*ASSIGNED TASK*
Look through the data that follows and say how many of its lines contain "models", giving the number only.
[Opening RECORDS FOR PROCESSING section]
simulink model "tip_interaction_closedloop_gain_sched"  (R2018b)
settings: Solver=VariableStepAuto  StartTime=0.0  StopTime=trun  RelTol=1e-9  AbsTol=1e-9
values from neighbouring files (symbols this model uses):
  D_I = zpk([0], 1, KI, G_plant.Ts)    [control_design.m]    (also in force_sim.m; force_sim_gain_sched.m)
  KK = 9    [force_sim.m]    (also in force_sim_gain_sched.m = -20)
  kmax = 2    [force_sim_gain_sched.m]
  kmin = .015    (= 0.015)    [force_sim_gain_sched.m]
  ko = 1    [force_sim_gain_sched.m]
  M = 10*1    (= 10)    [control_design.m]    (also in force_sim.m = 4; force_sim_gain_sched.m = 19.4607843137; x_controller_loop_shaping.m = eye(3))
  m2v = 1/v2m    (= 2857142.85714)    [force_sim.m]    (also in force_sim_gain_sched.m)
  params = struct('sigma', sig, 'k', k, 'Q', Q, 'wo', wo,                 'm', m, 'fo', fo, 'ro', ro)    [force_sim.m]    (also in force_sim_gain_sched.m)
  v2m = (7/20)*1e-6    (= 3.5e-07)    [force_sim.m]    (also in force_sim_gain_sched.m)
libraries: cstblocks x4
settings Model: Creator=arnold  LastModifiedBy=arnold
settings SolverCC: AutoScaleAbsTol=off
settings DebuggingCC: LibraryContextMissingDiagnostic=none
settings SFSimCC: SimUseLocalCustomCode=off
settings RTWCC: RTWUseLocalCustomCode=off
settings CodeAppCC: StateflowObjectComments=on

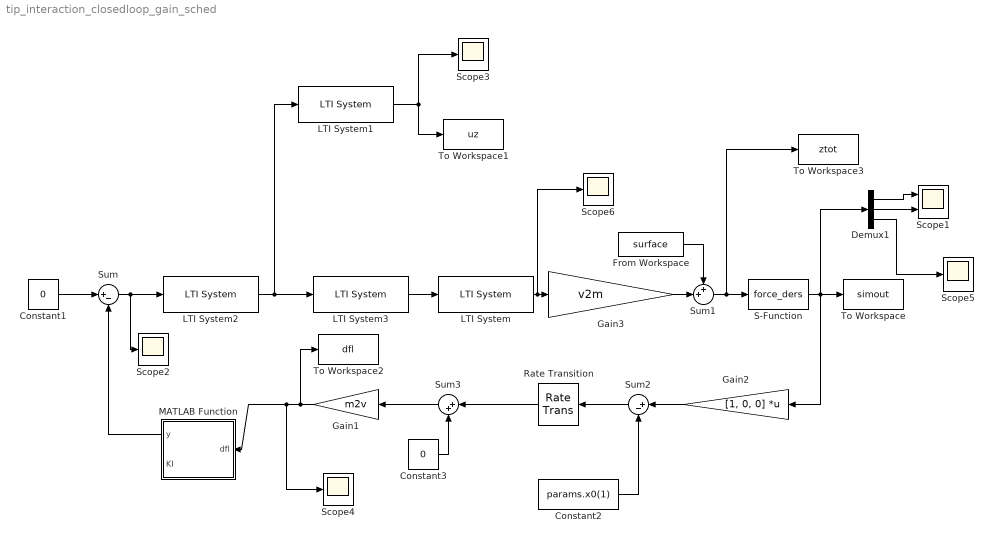
== system tip_interaction_closedloop_gain_sched ==
  Constant1 : Constant  Value=0
  Constant2 : Constant  Value=params.x0(1)
  Constant3 : Constant  Value=0
  Demux1 : Demux  Outputs=3
  From Workspace : FromWorkspace  VariableName=surface  SampleTime=0
  Gain1 : Gain  Gain=m2v
  Gain2 : Gain  Gain=[1, 0, 0]  Multiplication=Matrix(K*u)
  Gain3 : Gain  Gain=v2m
  LTI System : cstblocks/LTI System  sys=G_plant  IC=xss
  LTI System1 : cstblocks/LTI System  sys=models.modelFit.gdrift  IC=xss
  LTI System2 : cstblocks/LTI System  sys=D_I*KK  IC=[]
  LTI System3 : cstblocks/LTI System  sys=models.modelFit.Dinv  IC=xss
  MATLAB Function : MATLAB Function  TreatAsAtomicUnit=on
  Rate Transition : RateTransition  OutPortSampleTime=Ts
  S-Function : S-Function  FunctionName=force_ders  Parameters=params  SFunctionDeploymentMode=off  EnableBusSupport=off
  Scope1 : Scope  NumInputPorts=2
  Scope{2..6} (5 alike) : Scope
  Sum : Sum  Inputs=|+-
  Sum1 : Sum  Inputs=++|
  Sum2 : Sum  Inputs=|+-
  Sum3 : Sum  Inputs=|++
  To Workspace : ToWorkspace  VariableName=simout  SaveFormat=Timeseries  SampleTime=-1
  To Workspace1 : ToWorkspace  VariableName=uz  SaveFormat=Timeseries  SampleTime=-1
  To Workspace2 : ToWorkspace  VariableName=dfl  SaveFormat=Timeseries  SampleTime=-1
  To Workspace3 : ToWorkspace  VariableName=ztot  SaveFormat=Timeseries  SampleTime=-1
  wires:
  Constant1/1 -> Sum/1
  Sum1/1 -> To Workspace3/1, S-Function/1
  Sum/1 -> Scope2/1, LTI System2/1
  LTI System2/1 -> LTI System3/1, LTI System1/1
  LTI System/1 -> Scope6/1, Gain3/1
  S-Function/1 -> Gain2/1, Demux1/1, To Workspace/1
  Demux1/1 -> Scope1/1
  Demux1/2 -> Scope1/2
  Demux1/3 -> Scope5/1
  Gain2/1 -> Sum2/1
  Constant2/1 -> Sum2/2
  Sum2/1 -> Rate Transition/1
  Gain3/1 -> Sum1/2
  LTI System1/1 -> To Workspace1/1, Scope3/1
  LTI System3/1 -> LTI System/1
  Sum3/1 -> Gain1/1
  From Workspace/1 -> Sum1/1
  Gain1/1 -> Scope4/1, MATLAB Function/1(dfl), To Workspace2/1
  MATLAB Function/1(y) -> Sum/2
  Constant3/1 -> Sum3/2
  Rate Transition/1 -> Sum3/1

== matlab function tip_interaction_closedloop_gain_sched/MATLAB Function ==
  data: dfl input; y output; kmax parameter; kmin parameter; ko parameter; M parameter; KI output
function [y, KI] = fcn(dfl, kmax, kmin, ko, M)
  
%   KI = fcn(dfl, kmax, kmin, ko, M)


%   if dfl < -0.01
%     KI = 1*dfl;
%   elseif dfl > 0.01
%     KI = 1*dfl;
%   else
%     KI = dfl;
%   end


KI = ko + M * dfl;
y = KI*dfl;
% KI = min(max(KI, kmin), kmax);
  
end
[Closing RECORDS FOR PROCESSING section]
*REPLY*
2